Speaker
Description
Nuclear data processing has an important role to connect evaluated nuclear data libraries and neutronics calculation codes. JAEA has developed the nuclear data processing code FRRENDY since 2013 to generate a cross section file from an evaluated nuclear data file with a simple input file. FRENDY version 1 was released in 2019 [1]. It only generates an ACE formatted cross section file for the continuous energy Monte Carlo calculation codes such as PHITS, MCNP, Serpent, and OpenMC. After we released FRENDY version 1, many functions were implemented such as multi-group cross section file generation function [2], adaptive setting of background cross section [3], ACE file perturbation [4], statistical uncertainty quantification of probability table [5], and modification of ENDF-6 formatted files. We released FRENDY version 2 including these new functions in 2022 [6]. This presentation explains the overview of FRENDY version 2 and the newly implemented functions in this code.
FRENDY is an open-source software under 2-clause BSD license. Everyone can freely use FRENDY and implement the modules of FRENDY in their code without any restriction. It can be downloaded from the JAEA website [7].
FRENDY can treat two input formats. One is the FRENDY’s original input format. It is very simple and it does not require expert knowledge of nuclear data processing. For example, FRENDY can generate a cross section file with an evaluated nuclear data file name and processing mode. The other is the NJOY compatible input format. The available NJOY input is MODER, RECONR, BROADR, PURR, UNRESR, THERMR, ACER, GROUPR, and MATXSR.

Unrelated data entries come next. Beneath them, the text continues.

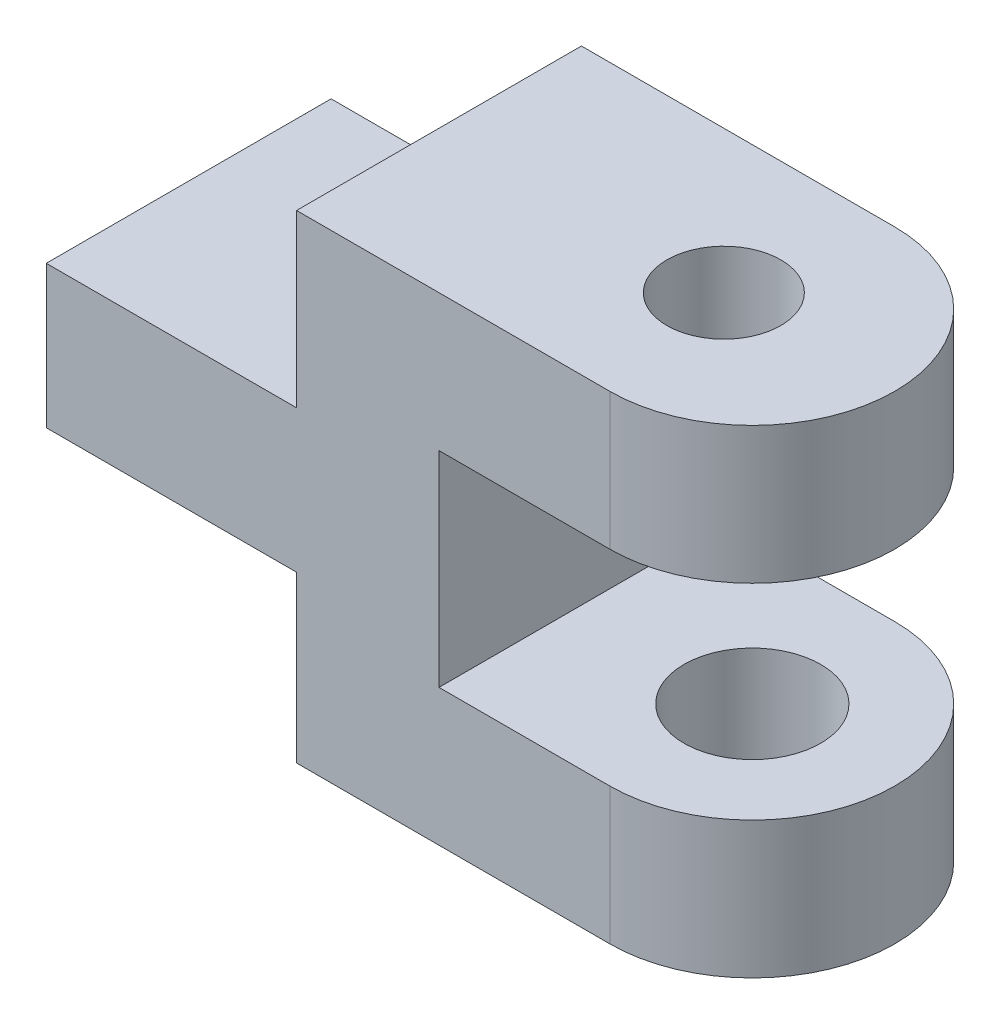
ISO-10303-21;
HEADER;
FILE_DESCRIPTION(('STEP AP214'),'2;1');
FILE_NAME('part.step','',(''),(''),'','','');
FILE_SCHEMA(('AUTOMOTIVE_DESIGN { 1 0 10303 214 1 1 1 1 }'));
ENDSEC;
DATA;
#1=APPLICATION_CONTEXT('core data for automotive mechanical design processes');
#2=APPLICATION_PROTOCOL_DEFINITION('international standard','automotive_design',2000,#1);
#3=PRODUCT_CONTEXT('',#1,'mechanical');
#4=PRODUCT('Part','Part','',(#3));
#5=PRODUCT_RELATED_PRODUCT_CATEGORY('part','',(#4));
#6=PRODUCT_DEFINITION_FORMATION('','',#4);
#7=PRODUCT_DEFINITION_CONTEXT('part definition',#1,'design');
#8=PRODUCT_DEFINITION('design','',#6,#7);
#9=PRODUCT_DEFINITION_SHAPE('','',#8);
#10=(LENGTH_UNIT() NAMED_UNIT(*) SI_UNIT(.MILLI.,.METRE.));
#11=(NAMED_UNIT(*) PLANE_ANGLE_UNIT() SI_UNIT($,.RADIAN.));
#12=(NAMED_UNIT(*) SI_UNIT($,.STERADIAN.) SOLID_ANGLE_UNIT());
#13=UNCERTAINTY_MEASURE_WITH_UNIT(LENGTH_MEASURE(1.E-05),#10,'distance_accuracy_value','');
#14=(GEOMETRIC_REPRESENTATION_CONTEXT(3) GLOBAL_UNCERTAINTY_ASSIGNED_CONTEXT((#13)) GLOBAL_UNIT_ASSIGNED_CONTEXT((#10,
#11,#12)) REPRESENTATION_CONTEXT('',''));
#15=CARTESIAN_POINT('',(0.,0.,0.));
#16=DIRECTION('',(0.,0.,1.));
#17=DIRECTION('',(1.,0.,0.));
#18=AXIS2_PLACEMENT_3D('',#15,#16,#17);
#19=CARTESIAN_POINT('',(0.,12.5,25.));
#20=DIRECTION('',(1.,0.,0.));
#21=DIRECTION('',(0.,0.,-1.));
#22=AXIS2_PLACEMENT_3D('',#19,#20,#21);
#23=PLANE('',#22);
#24=DIRECTION('',(0.,-1.,0.));
#25=VECTOR('',#24,1.);
#26=CARTESIAN_POINT('',(0.,12.5,0.));
#27=LINE('',#26,#25);
#28=CARTESIAN_POINT('',(0.,12.5,0.));
#29=VERTEX_POINT('',#28);
#30=CARTESIAN_POINT('',(0.,0.,0.));
#31=VERTEX_POINT('',#30);
#32=EDGE_CURVE('E161',#29,#31,#27,.T.);
#33=ORIENTED_EDGE('',*,*,#32,.T.);
#34=DIRECTION('',(0.,0.,-1.));
#35=VECTOR('',#34,1.);
#36=CARTESIAN_POINT('',(0.,0.,25.));
#37=LINE('',#36,#35);
#38=CARTESIAN_POINT('',(0.,0.,25.));
#39=VERTEX_POINT('',#38);
#40=EDGE_CURVE('E11',#39,#31,#37,.T.);
#41=ORIENTED_EDGE('',*,*,#40,.F.);
#42=DIRECTION('',(0.,-1.,0.));
#43=VECTOR('',#42,1.);
#44=CARTESIAN_POINT('',(0.,12.5,25.));
#45=LINE('',#44,#43);
#46=CARTESIAN_POINT('',(0.,12.5,25.));
#47=VERTEX_POINT('',#46);
#48=EDGE_CURVE('E198',#47,#39,#45,.T.);
#49=ORIENTED_EDGE('',*,*,#48,.F.);
#50=DIRECTION('',(0.,0.,-1.));
#51=VECTOR('',#50,1.);
#52=CARTESIAN_POINT('',(0.,12.5,25.));
#53=LINE('',#52,#51);
#54=EDGE_CURVE('E157',#47,#29,#53,.T.);
#55=ORIENTED_EDGE('',*,*,#54,.T.);
#56=EDGE_LOOP('',(#33,#41,#49,#55));
#57=FACE_BOUND('',#56,.T.);
#58=ADVANCED_FACE('F39',(#57),#23,.F.);
#59=CARTESIAN_POINT('',(0.,0.,25.));
#60=DIRECTION('',(0.,1.,0.));
#61=DIRECTION('',(0.,0.,1.));
#62=AXIS2_PLACEMENT_3D('',#59,#60,#61);
#63=PLANE('',#62);
#64=DIRECTION('',(1.,0.,0.));
#65=VECTOR('',#64,1.);
#66=CARTESIAN_POINT('',(0.,0.,0.));
#67=LINE('',#66,#65);
#68=CARTESIAN_POINT('',(21.969696969697,0.,0.));
#69=VERTEX_POINT('',#68);
#70=EDGE_CURVE('E165',#31,#69,#67,.T.);
#71=ORIENTED_EDGE('',*,*,#70,.T.);
#72=DIRECTION('',(0.,0.,-1.));
#73=VECTOR('',#72,1.);
#74=CARTESIAN_POINT('',(21.969696969697,0.,25.));
#75=LINE('',#74,#73);
#76=CARTESIAN_POINT('',(21.969696969697,0.,25.));
#77=VERTEX_POINT('',#76);
#78=EDGE_CURVE('E48',#77,#69,#75,.T.);
#79=ORIENTED_EDGE('',*,*,#78,.F.);
#80=DIRECTION('',(1.,0.,0.));
#81=VECTOR('',#80,1.);
#82=CARTESIAN_POINT('',(0.,0.,25.));
#83=LINE('',#82,#81);
#84=EDGE_CURVE('E106',#39,#77,#83,.T.);
#85=ORIENTED_EDGE('',*,*,#84,.F.);
#86=ORIENTED_EDGE('',*,*,#40,.T.);
#87=EDGE_LOOP('',(#71,#79,#85,#86));
#88=FACE_BOUND('',#87,.T.);
#89=ADVANCED_FACE('F278',(#88),#63,.F.);
#90=CARTESIAN_POINT('',(21.969696969697,0.,25.));
#91=DIRECTION('',(1.,0.,0.));
#92=DIRECTION('',(0.,1.,0.));
#93=AXIS2_PLACEMENT_3D('',#90,#91,#92);
#94=PLANE('',#93);
#95=DIRECTION('',(0.,-1.,0.));
#96=VECTOR('',#95,1.);
#97=CARTESIAN_POINT('',(21.969696969697,0.,0.));
#98=LINE('',#97,#96);
#99=CARTESIAN_POINT('',(21.969696969697,-14.5,0.));
#100=VERTEX_POINT('',#99);
#101=EDGE_CURVE('E169',#69,#100,#98,.T.);
#102=ORIENTED_EDGE('',*,*,#101,.T.);
#103=DIRECTION('',(0.,0.,-1.));
#104=VECTOR('',#103,1.);
#105=CARTESIAN_POINT('',(21.969696969697,-14.5,25.));
#106=LINE('',#105,#104);
#107=CARTESIAN_POINT('',(21.969696969697,-14.5,25.));
#108=VERTEX_POINT('',#107);
#109=EDGE_CURVE('E210',#108,#100,#106,.T.);
#110=ORIENTED_EDGE('',*,*,#109,.F.);
#111=DIRECTION('',(0.,-1.,0.));
#112=VECTOR('',#111,1.);
#113=CARTESIAN_POINT('',(21.969696969697,0.,25.));
#114=LINE('',#113,#112);
#115=EDGE_CURVE('E220',#77,#108,#114,.T.);
#116=ORIENTED_EDGE('',*,*,#115,.F.);
#117=ORIENTED_EDGE('',*,*,#78,.T.);
#118=EDGE_LOOP('',(#102,#110,#116,#117));
#119=FACE_BOUND('',#118,.T.);
#120=ADVANCED_FACE('F218',(#119),#94,.F.);
#121=CARTESIAN_POINT('',(21.969696969697,-14.5,25.));
#122=DIRECTION('',(0.,1.,0.));
#123=DIRECTION('',(-1.,0.,0.));
#124=AXIS2_PLACEMENT_3D('',#121,#122,#123);
#125=PLANE('',#124);
#126=CARTESIAN_POINT('',(49.469696969697,-14.5,12.5));
#127=DIRECTION('',(0.,1.,0.));
#128=DIRECTION('',(-1.,0.,0.));
#129=AXIS2_PLACEMENT_3D('',#126,#127,#128);
#130=CIRCLE('',#129,6.);
#131=CARTESIAN_POINT('',(43.469696969697,-14.5,12.5));
#132=VERTEX_POINT('',#131);
#133=EDGE_CURVE('E330',#132,#132,#130,.T.);
#134=ORIENTED_EDGE('',*,*,#133,.T.);
#135=EDGE_LOOP('',(#134));
#136=FACE_BOUND('',#135,.T.);
#137=DIRECTION('',(1.,0.,0.));
#138=VECTOR('',#137,1.);
#139=CARTESIAN_POINT('',(21.969696969697,-14.5,0.));
#140=LINE('',#139,#138);
#141=CARTESIAN_POINT('',(49.469696969697,-14.5,0.));
#142=VERTEX_POINT('',#141);
#143=EDGE_CURVE('E172',#100,#142,#140,.T.);
#144=ORIENTED_EDGE('',*,*,#143,.T.);
#145=CARTESIAN_POINT('',(49.469696969697,-14.5,12.5));
#146=DIRECTION('',(0.,1.,0.));
#147=DIRECTION('',(-1.,0.,0.));
#148=AXIS2_PLACEMENT_3D('',#145,#146,#147);
#149=CIRCLE('',#148,12.5);
#150=CARTESIAN_POINT('',(49.469696969697,-14.5,25.));
#151=VERTEX_POINT('',#150);
#152=EDGE_CURVE('E232',#151,#142,#149,.T.);
#153=ORIENTED_EDGE('',*,*,#152,.F.);
#154=DIRECTION('',(1.,0.,0.));
#155=VECTOR('',#154,1.);
#156=CARTESIAN_POINT('',(21.969696969697,-14.5,25.));
#157=LINE('',#156,#155);
#158=EDGE_CURVE('E233',#108,#151,#157,.T.);
#159=ORIENTED_EDGE('',*,*,#158,.F.);
#160=ORIENTED_EDGE('',*,*,#109,.T.);
#161=EDGE_LOOP('',(#144,#153,#159,#160));
#162=FACE_BOUND('',#161,.T.);
#163=ADVANCED_FACE('F230',(#136,#162),#125,.F.);
#164=CARTESIAN_POINT('',(49.469696969697,-2.49999999999999,25.));
#165=DIRECTION('',(0.,-1.,0.));
#166=DIRECTION('',(1.,0.,0.));
#167=AXIS2_PLACEMENT_3D('',#164,#165,#166);
#168=PLANE('',#167);
#169=CARTESIAN_POINT('',(49.469696969697,-2.49999999999999,12.5));
#170=DIRECTION('',(0.,1.,0.));
#171=DIRECTION('',(-1.,0.,0.));
#172=AXIS2_PLACEMENT_3D('',#169,#170,#171);
#173=CIRCLE('',#172,6.);
#174=CARTESIAN_POINT('',(43.4696969696969,-2.49999999999999,12.5));
#175=VERTEX_POINT('',#174);
#176=EDGE_CURVE('E333',#175,#175,#173,.T.);
#177=ORIENTED_EDGE('',*,*,#176,.F.);
#178=EDGE_LOOP('',(#177));
#179=FACE_BOUND('',#178,.T.);
#180=DIRECTION('',(-1.,0.,0.));
#181=VECTOR('',#180,1.);
#182=CARTESIAN_POINT('',(49.469696969697,-2.49999999999999,25.));
#183=LINE('',#182,#181);
#184=CARTESIAN_POINT('',(49.469696969697,-2.49999999999999,25.));
#185=VERTEX_POINT('',#184);
#186=CARTESIAN_POINT('',(34.469696969697,-2.49999999999999,25.));
#187=VERTEX_POINT('',#186);
#188=EDGE_CURVE('E240',#185,#187,#183,.T.);
#189=ORIENTED_EDGE('',*,*,#188,.F.);
#190=CARTESIAN_POINT('',(49.469696969697,-2.49999999999999,12.5));
#191=DIRECTION('',(0.,1.,0.));
#192=DIRECTION('',(-1.,0.,0.));
#193=AXIS2_PLACEMENT_3D('',#190,#191,#192);
#194=CIRCLE('',#193,12.5);
#195=CARTESIAN_POINT('',(49.469696969697,-2.49999999999999,0.));
#196=VERTEX_POINT('',#195);
#197=EDGE_CURVE('E270',#185,#196,#194,.T.);
#198=ORIENTED_EDGE('',*,*,#197,.T.);
#199=DIRECTION('',(-1.,0.,0.));
#200=VECTOR('',#199,1.);
#201=CARTESIAN_POINT('',(49.469696969697,-2.49999999999999,0.));
#202=LINE('',#201,#200);
#203=CARTESIAN_POINT('',(34.469696969697,-2.49999999999999,0.));
#204=VERTEX_POINT('',#203);
#205=EDGE_CURVE('E179',#196,#204,#202,.T.);
#206=ORIENTED_EDGE('',*,*,#205,.T.);
#207=DIRECTION('',(0.,0.,-1.));
#208=VECTOR('',#207,1.);
#209=CARTESIAN_POINT('',(34.469696969697,-2.49999999999999,25.));
#210=LINE('',#209,#208);
#211=EDGE_CURVE('E206',#187,#204,#210,.T.);
#212=ORIENTED_EDGE('',*,*,#211,.F.);
#213=EDGE_LOOP('',(#189,#198,#206,#212));
#214=FACE_BOUND('',#213,.T.);
#215=ADVANCED_FACE('F288',(#179,#214),#168,.F.);
#216=CARTESIAN_POINT('',(34.469696969697,-2.49999999999999,25.));
#217=DIRECTION('',(-1.,0.,0.));
#218=DIRECTION('',(0.,0.,1.));
#219=AXIS2_PLACEMENT_3D('',#216,#217,#218);
#220=PLANE('',#219);
#221=DIRECTION('',(0.,1.,0.));
#222=VECTOR('',#221,1.);
#223=CARTESIAN_POINT('',(34.469696969697,-2.49999999999999,0.));
#224=LINE('',#223,#222);
#225=CARTESIAN_POINT('',(34.469696969697,15.5,0.));
#226=VERTEX_POINT('',#225);
#227=EDGE_CURVE('E182',#204,#226,#224,.T.);
#228=ORIENTED_EDGE('',*,*,#227,.T.);
#229=DIRECTION('',(0.,0.,-1.));
#230=VECTOR('',#229,1.);
#231=CARTESIAN_POINT('',(34.469696969697,15.5,25.));
#232=LINE('',#231,#230);
#233=CARTESIAN_POINT('',(34.469696969697,15.5,25.));
#234=VERTEX_POINT('',#233);
#235=EDGE_CURVE('E150',#234,#226,#232,.T.);
#236=ORIENTED_EDGE('',*,*,#235,.F.);
#237=DIRECTION('',(0.,1.,0.));
#238=VECTOR('',#237,1.);
#239=CARTESIAN_POINT('',(34.469696969697,-2.49999999999999,25.));
#240=LINE('',#239,#238);
#241=EDGE_CURVE('E247',#187,#234,#240,.T.);
#242=ORIENTED_EDGE('',*,*,#241,.F.);
#243=ORIENTED_EDGE('',*,*,#211,.T.);
#244=EDGE_LOOP('',(#228,#236,#242,#243));
#245=FACE_BOUND('',#244,.T.);
#246=ADVANCED_FACE('F292',(#245),#220,.F.);
#247=CARTESIAN_POINT('',(34.469696969697,15.5,25.));
#248=DIRECTION('',(0.,1.,0.));
#249=DIRECTION('',(0.,0.,1.));
#250=AXIS2_PLACEMENT_3D('',#247,#248,#249);
#251=PLANE('',#250);
#252=CARTESIAN_POINT('',(46.969696969697,15.5,12.5));
#253=DIRECTION('',(0.,1.,0.));
#254=DIRECTION('',(-1.,0.,0.));
#255=AXIS2_PLACEMENT_3D('',#252,#253,#254);
#256=CIRCLE('',#255,5.);
#257=CARTESIAN_POINT('',(41.969696969697,15.5,12.5));
#258=VERTEX_POINT('',#257);
#259=EDGE_CURVE('E340',#258,#258,#256,.T.);
#260=ORIENTED_EDGE('',*,*,#259,.T.);
#261=EDGE_LOOP('',(#260));
#262=FACE_BOUND('',#261,.T.);
#263=DIRECTION('',(1.,0.,0.));
#264=VECTOR('',#263,1.);
#265=CARTESIAN_POINT('',(34.469696969697,15.5,0.));
#266=LINE('',#265,#264);
#267=CARTESIAN_POINT('',(49.469696969697,15.5,0.));
#268=VERTEX_POINT('',#267);
#269=EDGE_CURVE('E185',#226,#268,#266,.T.);
#270=ORIENTED_EDGE('',*,*,#269,.T.);
#271=CARTESIAN_POINT('',(49.469696969697,15.5,12.5));
#272=DIRECTION('',(0.,1.,0.));
#273=DIRECTION('',(-1.,0.,0.));
#274=AXIS2_PLACEMENT_3D('',#271,#272,#273);
#275=CIRCLE('',#274,12.5);
#276=CARTESIAN_POINT('',(49.469696969697,15.5,25.));
#277=VERTEX_POINT('',#276);
#278=EDGE_CURVE('E166',#277,#268,#275,.T.);
#279=ORIENTED_EDGE('',*,*,#278,.F.);
#280=DIRECTION('',(1.,0.,0.));
#281=VECTOR('',#280,1.);
#282=CARTESIAN_POINT('',(34.469696969697,15.5,25.));
#283=LINE('',#282,#281);
#284=EDGE_CURVE('E250',#234,#277,#283,.T.);
#285=ORIENTED_EDGE('',*,*,#284,.F.);
#286=ORIENTED_EDGE('',*,*,#235,.T.);
#287=EDGE_LOOP('',(#270,#279,#285,#286));
#288=FACE_BOUND('',#287,.T.);
#289=ADVANCED_FACE('F262',(#262,#288),#251,.F.);
#290=CARTESIAN_POINT('',(49.469696969697,27.5,25.));
#291=DIRECTION('',(0.,-1.,0.));
#292=DIRECTION('',(1.,0.,0.));
#293=AXIS2_PLACEMENT_3D('',#290,#291,#292);
#294=PLANE('',#293);
#295=CARTESIAN_POINT('',(46.969696969697,27.5,12.5));
#296=DIRECTION('',(0.,1.,0.));
#297=DIRECTION('',(-1.,0.,0.));
#298=AXIS2_PLACEMENT_3D('',#295,#296,#297);
#299=CIRCLE('',#298,5.);
#300=CARTESIAN_POINT('',(41.969696969697,27.5,12.5));
#301=VERTEX_POINT('',#300);
#302=EDGE_CURVE('E337',#301,#301,#299,.T.);
#303=ORIENTED_EDGE('',*,*,#302,.F.);
#304=EDGE_LOOP('',(#303));
#305=FACE_BOUND('',#304,.T.);
#306=DIRECTION('',(-1.,0.,0.));
#307=VECTOR('',#306,1.);
#308=CARTESIAN_POINT('',(49.469696969697,27.5,25.));
#309=LINE('',#308,#307);
#310=CARTESIAN_POINT('',(49.469696969697,27.5,25.));
#311=VERTEX_POINT('',#310);
#312=CARTESIAN_POINT('',(21.969696969697,27.5,25.));
#313=VERTEX_POINT('',#312);
#314=EDGE_CURVE('E133',#311,#313,#309,.T.);
#315=ORIENTED_EDGE('',*,*,#314,.F.);
#316=CARTESIAN_POINT('',(49.469696969697,27.5,12.5));
#317=DIRECTION('',(0.,1.,0.));
#318=DIRECTION('',(-1.,0.,0.));
#319=AXIS2_PLACEMENT_3D('',#316,#317,#318);
#320=CIRCLE('',#319,12.5);
#321=CARTESIAN_POINT('',(49.469696969697,27.5,0.));
#322=VERTEX_POINT('',#321);
#323=EDGE_CURVE('E261',#311,#322,#320,.T.);
#324=ORIENTED_EDGE('',*,*,#323,.T.);
#325=DIRECTION('',(-1.,0.,0.));
#326=VECTOR('',#325,1.);
#327=CARTESIAN_POINT('',(49.469696969697,27.5,0.));
#328=LINE('',#327,#326);
#329=CARTESIAN_POINT('',(21.969696969697,27.5,0.));
#330=VERTEX_POINT('',#329);
#331=EDGE_CURVE('E148',#322,#330,#328,.T.);
#332=ORIENTED_EDGE('',*,*,#331,.T.);
#333=DIRECTION('',(0.,0.,-1.));
#334=VECTOR('',#333,1.);
#335=CARTESIAN_POINT('',(21.969696969697,27.5,25.));
#336=LINE('',#335,#334);
#337=EDGE_CURVE('E145',#313,#330,#336,.T.);
#338=ORIENTED_EDGE('',*,*,#337,.F.);
#339=EDGE_LOOP('',(#315,#324,#332,#338));
#340=FACE_BOUND('',#339,.T.);
#341=ADVANCED_FACE('F146',(#305,#340),#294,.F.);
#342=CARTESIAN_POINT('',(21.969696969697,27.5,25.));
#343=DIRECTION('',(1.,0.,0.));
#344=DIRECTION('',(0.,1.,0.));
#345=AXIS2_PLACEMENT_3D('',#342,#343,#344);
#346=PLANE('',#345);
#347=DIRECTION('',(0.,-1.,0.));
#348=VECTOR('',#347,1.);
#349=CARTESIAN_POINT('',(21.969696969697,27.5,0.));
#350=LINE('',#349,#348);
#351=CARTESIAN_POINT('',(21.969696969697,12.5,0.));
#352=VERTEX_POINT('',#351);
#353=EDGE_CURVE('E92',#330,#352,#350,.T.);
#354=ORIENTED_EDGE('',*,*,#353,.T.);
#355=DIRECTION('',(0.,0.,-1.));
#356=VECTOR('',#355,1.);
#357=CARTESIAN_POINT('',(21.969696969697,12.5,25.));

FRENDY version 2 has original functions to generate a multi-group cross section file, e.g., explicit consideration of the resonance interference effect of the compound of different isotopes such as UO2, automatic background cross section set with the minimum number of background cross section, and resonance upscattering correction [8]. These functions are only available for the FRENDY’s original input format. The sample input to use these functions are found in the manual of FRENDY [6]. These functions will improve the prediction accuracy of the multi-group neutronics calculation code.
We are now developing the heat production cross section calculation function, multi-group covariance matrices function, and treatment of the GNDS format. FRENDY version 3 will be released including these functions in the future.
References
[1] K. Tada, Y. Nagaya, S. Kunieda, K. Suyama, T. Fukahori, "Development and verification of a new nuclear data processing system FRENDY," J. Nucl. Sci. Technol., 54, pp.806-817 (2017).
[2] A. Yamamoto, K. Tada, G. Chiba, T. Endo, "Multi-group neutron cross section generation capability for FRENDY nuclear data processing code," J. Nucl. Sci. Technol., 58, pp.1165-1183 (2021).
[3] A. Yamamoto, T. Endo, K. Tada, "Adaptive setting of background cross sections for generation of effective multi-group cross sections in FRENDY nuclear data processing code," J. Nucl. Sci. Technol., 58, pp.1343-1350 (2021).
[4] K. Tada, R. Kondo, T. Endo, A. Yamamoto, "Development of ACE file perturbation tool using FRENDY," J. Nucl. Sci. Technol., 60, pp.624-631 (2023).
[5] K. Tada, T. Endo, "Convergence behavior of statistical uncertainty in probability table for cross section in unresolved resonance region," J. Nucl. Sci. Technol. (2023).
[6] K. Tada. A. Yamamoto, S. Kunieda, Y. Nagaya, “Nuclear Data Processing Code FRENDY Version 2,” JAEA-Data/Code 2022-009.
[7] https://rpg.jaea.go.jp/main/en/program_frendy/
[8] A. Yamamoto, T. Endo, G. Chiba, K. Tada, "Implementation of Resonance Upscattering Treatment in FRENDY Nuclear Data Processing Systems," Nucl. Sci. Eng., 196 pp1267-1279 (2022).